On the first day of Christmas break, I got really sick for an extremely short amount of time. My wife and I had been driving all day to trade gifts with friends, then to her parents' house, where we were going to spend the first of two Christmases. After doing some last minute shopping, I got a really bad chill while walking through her parents' garage. I hurried inside and bundled up in a blanket, but it didn’t get any better. Eventually I collected a hefty pile of four or five blankets and that started to help. I had been feeling perfectly fine an hour before, and now I had a fever of 102°F.

It wasn’t how I wanted to spend my Christmas and, thankfully, by the next day I was mostly back to normal. The fever was gone in less than 24 hours. But, the sudden onset of such severe symptoms struck me as deeply strange. In fact, it felt more like how things work in video games than how I usually get sick in real-life.
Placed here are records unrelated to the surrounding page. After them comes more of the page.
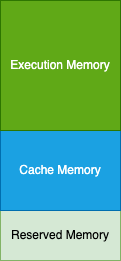

The diagram above was exported from draw.io. Its source (the exported page's mxGraphModel, read from the mxfile embedded in the PNG):
<mxGraphModel dx="1426" dy="685" grid="1" gridSize="10" guides="1" tooltips="1" connect="1" arrows="1" fold="1" page="1" pageScale="1" pageWidth="827" pageHeight="1169" math="0" shadow="0">
  <root>
    <mxCell id="0" />
    <mxCell id="1" parent="0" />
    <mxCell id="5xguRO25MFPO0nKRwlis-1" value="Reserved Memory" style="rounded=0;whiteSpace=wrap;html=1;fillColor=#d5e8d4;strokeColor=#82b366;" vertex="1" parent="1">
      <mxGeometry x="350" y="480" width="120" height="50" as="geometry" />
    </mxCell>
    <mxCell id="5xguRO25MFPO0nKRwlis-2" value="Cache Memory" style="rounded=0;whiteSpace=wrap;html=1;fillColor=#1ba1e2;fontColor=#ffffff;strokeColor=#006EAF;" vertex="1" parent="1">
      <mxGeometry x="350" y="400" width="120" height="80" as="geometry" />
    </mxCell>
    <mxCell id="5xguRO25MFPO0nKRwlis-3" value="&lt;font color=&quot;#ffffff&quot;&gt;Execution Memory&lt;/font&gt;" style="rounded=0;whiteSpace=wrap;html=1;fillColor=#60a917;strokeColor=#2D7600;fontColor=#ffffff;" vertex="1" parent="1">
      <mxGeometry x="350" y="270" width="120" height="130" as="geometry" />
    </mxCell>
  </root>
</mxGraphModel>

Stardew Valley character mining with a pickaxe

Specifically, it reminded me of how things work inStardew Valley. In ConcernedApe’s modern classic, your jack-of-all-trades farmer can spend all their days in the mines if they want to, looking for loot and fighting monsters. But, if you stay past a certain time, your farmer will collapse and wake up at home the next morning with a note in the mailbox explaining that a concerned neighbor found you and brought you home. The idea is that, if you work too hard for too long, your body will take matters into its own hands and just shut down — even if you’re surrounded by dangerous monsters.

Now, I haven’t been doing hard manual labor, like mining for precious ores or fighting angry crabs. But I did spend the last few months of the year burning the midnight oil, working on my work, dumping time into projects outside of work, and trying to cram in as many games as I could before making my GOTY list earlier this month. The thing is, when I get worn out with work, I tend to work slower, which means that I end up staying at my desk longer just to get the same amount done. I kept it up until last Friday when I headed off for a four-day break. My body seems to have taken that four-day break as permission to force me to take the rest I needed.

I didn’t even have a good time, either. Getting sick during vacation sucks as a kid who doesn’t get to miss school, and it sucks as an adult, too. I felt terrible, so I didn’t play any video games or watch any movies or read any books. I just laid in bed at my in-laws house and looked at my phone. I occasionally mustered the energy to watch a longer video, like the interview Steven Spielberg recently did with Bradley Cooper about Maestro. But mostly, I just looked at Twitter and took short, sweaty naps.

It sucked, but it forced me to stop being productive and start recharging. And that’s productive, too, in its own way. And, thankfully, unlike in Stardew Valley, there were no monsters preying on my downfall. Just helpful neighbors carrying me home from the mines.